Из-за косо стоящей фанерной колонны с облупившейся побелкой Катя неожиданно увидела около занавеса двух человек. Коренастый, крепко стоящий на расставленных ногах, секретарь обкома Курганов, заложив за спину руки, выжидательно снизу вверх смотрел на Мансурова. Павел Сергеевич, вытянувшийся, какой-то собранно-решительный, тоже в упор щупающим взглядом уставился на Курганова. По выражению его лица Катя поняла, что идет такой разговор, где свидетели нежелательны, и что ей в эту минуту просто неудобно проходить мимо, лучше переждать.

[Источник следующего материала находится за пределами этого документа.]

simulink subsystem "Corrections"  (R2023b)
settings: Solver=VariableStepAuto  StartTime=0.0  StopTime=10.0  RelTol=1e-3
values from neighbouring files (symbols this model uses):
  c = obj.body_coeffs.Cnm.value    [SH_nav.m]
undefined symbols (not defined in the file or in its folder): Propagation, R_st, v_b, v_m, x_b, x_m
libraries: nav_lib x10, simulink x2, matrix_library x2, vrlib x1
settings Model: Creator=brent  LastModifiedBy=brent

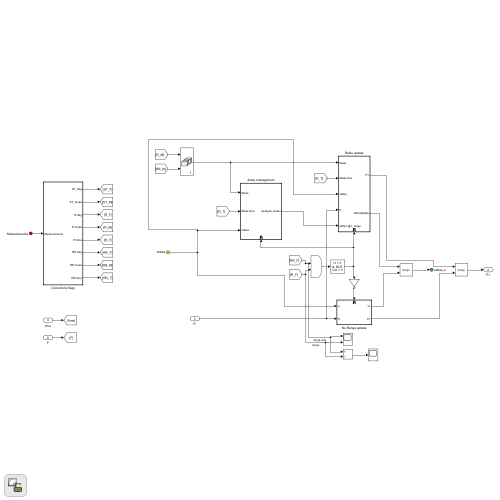
[thumbnail: Simulink's stored preview of the top-level diagram]
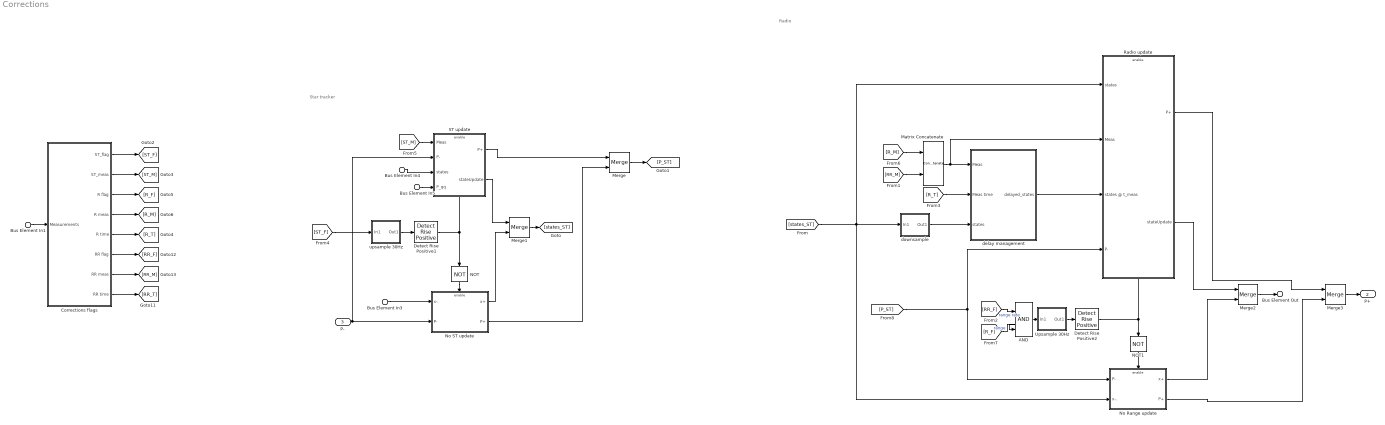
== system Corrections ==
  note: Radio
  note: Star tracker
  Bus Element In1 : Inport  PortName=Measurements
  Bus Element In5 : Inport  PortName=Measurements  Element=starTracker.P_qq
  Bus Element In3 : Inport  Port=2  PortName=states
  Bus Element In4 : Inport  Port=2  PortName=states
  P- : Inport  Port=3
  AND : Logic  IconShape=distinctive  AllPortsSameDT=off  OutDataTypeStr=boolean
  Corrections flags : Subsystem  TreatAsAtomicUnit=on  SystemSampleTime=1/Propagation.lf.value
  Detect Rise Positive1 : simulink/Logic and Bit Operations/Detect Rise Positive  vinit=0  OutDataTypeStr=boolean
  Detect Rise Positive2 : simulink/Logic and Bit Operations/Detect Rise Positive  vinit=0  OutDataTypeStr=boolean
  Matrix Concatenate : Concatenate  Mode=Multidimensional array
  Merge{,1..3} (4 alike) : Merge
  NOT : Logic  Operator=NOT  IconShape=distinctive  AllPortsSameDT=off  OutDataTypeStr=boolean
  NOT1 : Logic  Operator=NOT  IconShape=distinctive  AllPortsSameDT=off  OutDataTypeStr=boolean
  No Range update : Subsystem  TreatAsAtomicUnit=on
  No ST update : Subsystem  TreatAsAtomicUnit=on
  Radio update : Subsystem  TreatAsAtomicUnit=on
  ST update : Subsystem  TreatAsAtomicUnit=on
  Upsample 30Hz : Subsystem  TreatAsAtomicUnit=on  SystemSampleTime=1/Propagation.hf.value
  delay management : Subsystem  TreatAsAtomicUnit=on  SystemSampleTime=1/Propagation.lf.value
  downsample : Subsystem  TreatAsAtomicUnit=on  SystemSampleTime=1/Propagation.lf.value
  upsample 30Hz : Subsystem  TreatAsAtomicUnit=on  SystemSampleTime=1/Propagation.hf.value
  Bus Element Out : Outport  PortName=states_k
  P+ : Outport  Port=2
  wires:
  NOT1/1 -> No Range update/Enable
  No Range update/1(x+) -> Merge2/2
  Radio update/2(stateUpdate) -> Merge2/1
  Bus Element In1/1 -> Corrections flags/1(Measurements)
  Corrections flags/1(ST_flag) -> [ST_F]
  Corrections flags/2(ST_meas) -> [ST_M]
  Corrections flags/5(R time) -> [R_T]
  Corrections flags/4(R meas) -> [R_M]
  Corrections flags/3(R flag) -> [R_F]
  No Range update/2(P+) -> Merge3/2
  Radio update/1(P+) -> Merge3/1
  Corrections flags/6(RR flag) -> [RR_F]
  Corrections flags/7(RR meas) -> [RR_M]
  Corrections flags/8(RR time) -> [RR_T]
  [R_F] -> AND/2  "range"
  [RR_F] -> AND/1  "range rate"
  [RR_M] -> Matrix Concatenate/2
  [R_M] -> Matrix Concatenate/1
  Matrix Concatenate/1 -> delay management/1(Meas), Radio update/2(Meas)
  [R_T] -> delay management/2(Meas time)
  No ST update/1(x+) -> Merge1/2
  ST update/1(P+) -> Merge/1
  No ST update/2(P+) -> Merge/2
  Bus Element In3/1 -> No ST update/1(x-.)
  Detect Rise Positive1/1 -> NOT/1, ST update/Enable
  Bus Element In4/1 -> ST update/3(states)
  NOT/1 -> No ST update/Enable
  [ST_M] -> ST update/1(Meas)
  P-/1 -> ST update/2(P-), No ST update/2(P-)
  ST update/2(stateUpdate) -> Merge1/1
  upsample 30Hz/1(Out1) -> Detect Rise Positive1/1
  [states_ST] -> No Range update/2(x-.), downsample/1(In1), Radio update/1(states)
  AND/1 -> Upsample 30Hz/1(In1)
  Upsample 30Hz/1(Out1) -> Detect Rise Positive2/1
  [P_ST] -> Radio update/4(P-), No Range update/1(P-)
  downsample/1(Out1) -> delay management/3(states)
  Merge1/1 -> [states_ST]
  Merge/1 -> [P_ST]
  delay management/1(delayed_states) -> Radio update/3(states @ t_meas)
  Merge3/1 -> P+/1
  Merge2/1 -> Bus Element Out/1
  Bus Element In5/1 -> ST update/4(P_qq)
  Detect Rise Positive2/1 -> NOT1/1, Radio update/Enable
  [ST_F] -> upsample 30Hz/1(In1)

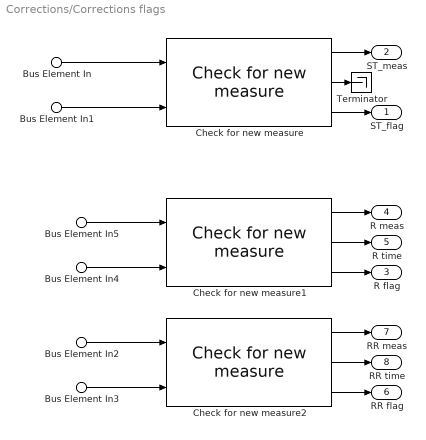
== system Corrections/Corrections flags ==
  Bus Element In5 : Inport  PortName=Measurements  Element=radio.range_PN
  Bus Element In2 : Inport  PortName=Measurements  Element=radio.range_rate
  Bus Element In4 : Inport  PortName=Measurements  Element=radio.range_timestamp
  Bus Element In3 : Inport  PortName=Measurements  Element=radio.range_rate_timestamp
  Bus Element In1 : Inport  PortName=Measurements  Element=starTracker.timestamp
  Bus Element In : Inport  PortName=Measurements  Element=starTracker.quaternion
  Check for new measure : nav_lib/Check for new measure  Ts=Propagation.lf.value
      settings: SourceProductName=Navigation library
  Check for new measure1 : nav_lib/Check for new measure  Ts=Inf
      settings: SourceProductName=Navigation library
  Check for new measure2 : nav_lib/Check for new measure  Ts=Inf
      settings: SourceProductName=Navigation library
  Terminator : Terminator
  ST_flag : Outport
  ST_meas : Outport  Port=2
  R flag : Outport  Port=3
  R meas : Outport  Port=4
  R time : Outport  Port=5
  RR flag : Outport  Port=6
  RR meas : Outport  Port=7
  RR time : Outport  Port=8
  wires:
  Check for new measure2/3 -> RR flag/1
  Check for new measure2/1 -> RR meas/1
  Check for new measure2/2 -> RR time/1
  Bus Element In2/1 -> Check for new measure2/1
  Bus Element In3/1 -> Check for new measure2/2
  Bus Element In4/1 -> Check for new measure1/2
  Bus Element In5/1 -> Check for new measure1/1
  Check for new measure1/2 -> R time/1
  Check for new measure1/1 -> R meas/1
  Check for new measure1/3 -> R flag/1
  Check for new measure/1 -> ST_meas/1
  Check for new measure/3 -> ST_flag/1
  Check for new measure/2 -> Terminator/1
  Bus Element In/1 -> Check for new measure/1
  Bus Element In1/1 -> Check for new measure/2

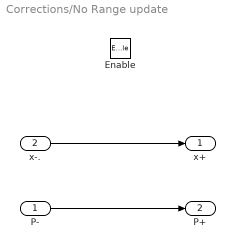
== system Corrections/No Range update ==
  P- : Inport
  x-. : Inport  Port=2
  Enable : EnablePort
  x+ : Outport
  P+ : Outport  Port=2
  wires:
  x-./1 -> x+/1
  P-/1 -> P+/1

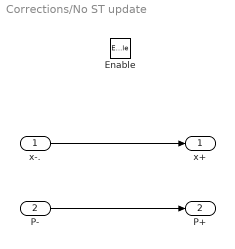
== system Corrections/No ST update ==
  x-. : Inport
  P- : Inport  Port=2
  Enable : EnablePort
  x+ : Outport
  P+ : Outport  Port=2
  wires:
  P-/1 -> P+/1
  x-./1 -> x+/1

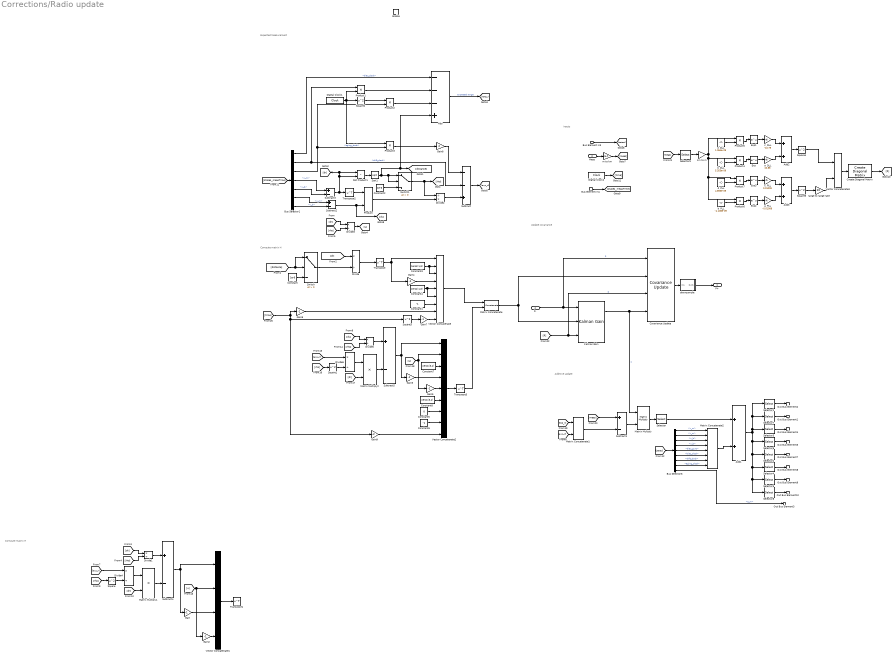
== system Corrections/Radio update ==
  note: Compute matrix H
  note: Additive update
  note: Update covariance
  note: Expected Measurement
  note: Compute matrix H
  note: Inputs
  Bus Element In3 : Inport  PortName=states
  Meas : Inport  Port=2
  Bus Element In1 : Inport  Port=3  PortName=states @ t_meas
  P- : Inport  Port=4
  Enable : EnablePort
  Add : Sum  Inputs=---+
  Add1 : Sum
  Add2 : Sum
  Add3 : Sum
  Bus Selector1 : BusSelector  OutputSignals=bias_clock,drift_clock,aging_clock,x_m,x_b,v_m,v_b
  Bus Selector6 : BusSelector  OutputSignals=x_m,v_m,x_b,v_b,bias_gyro,bias_clock,drift_clock,aging_clock,q_m
  Constant : Constant  Value=1e-6
  Constant1 : Constant  Value=-1  VectorParams1D=off
  Constant2 : Constant  Value=1e-6
  Constant3 : Constant  Value=zeros(1,3)  VectorParams1D=off
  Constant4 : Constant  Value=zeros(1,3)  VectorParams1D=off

— Мне очень хотелось сказать вам несколько слов, — негромким, но четким голосом говорил Мансуров, — в последние дни никак не мог улучить время встретиться наедине.

Кате было видно его похудевшее лицо, остро обозначившиеся скулы, глаза в усталых коричневых глазницах потеряли знакомую твердость, ищущим, щупающим взглядом они блуждали по Курганову. Какая-то пронзительная, нежная жалость залила Катину душу — страдает, никем не понятый, кроме нее, Кати, для всех чужой.

— А почему нам нельзя было говорить на людях? — возразил Курганов. И Катю покоробил его сухой, недружелюбный тон.

— Мне кажется, Алексей Владимирович, есть вещи, которые безрассудно выносить на широкое обсуждение, не поговорив о них заранее.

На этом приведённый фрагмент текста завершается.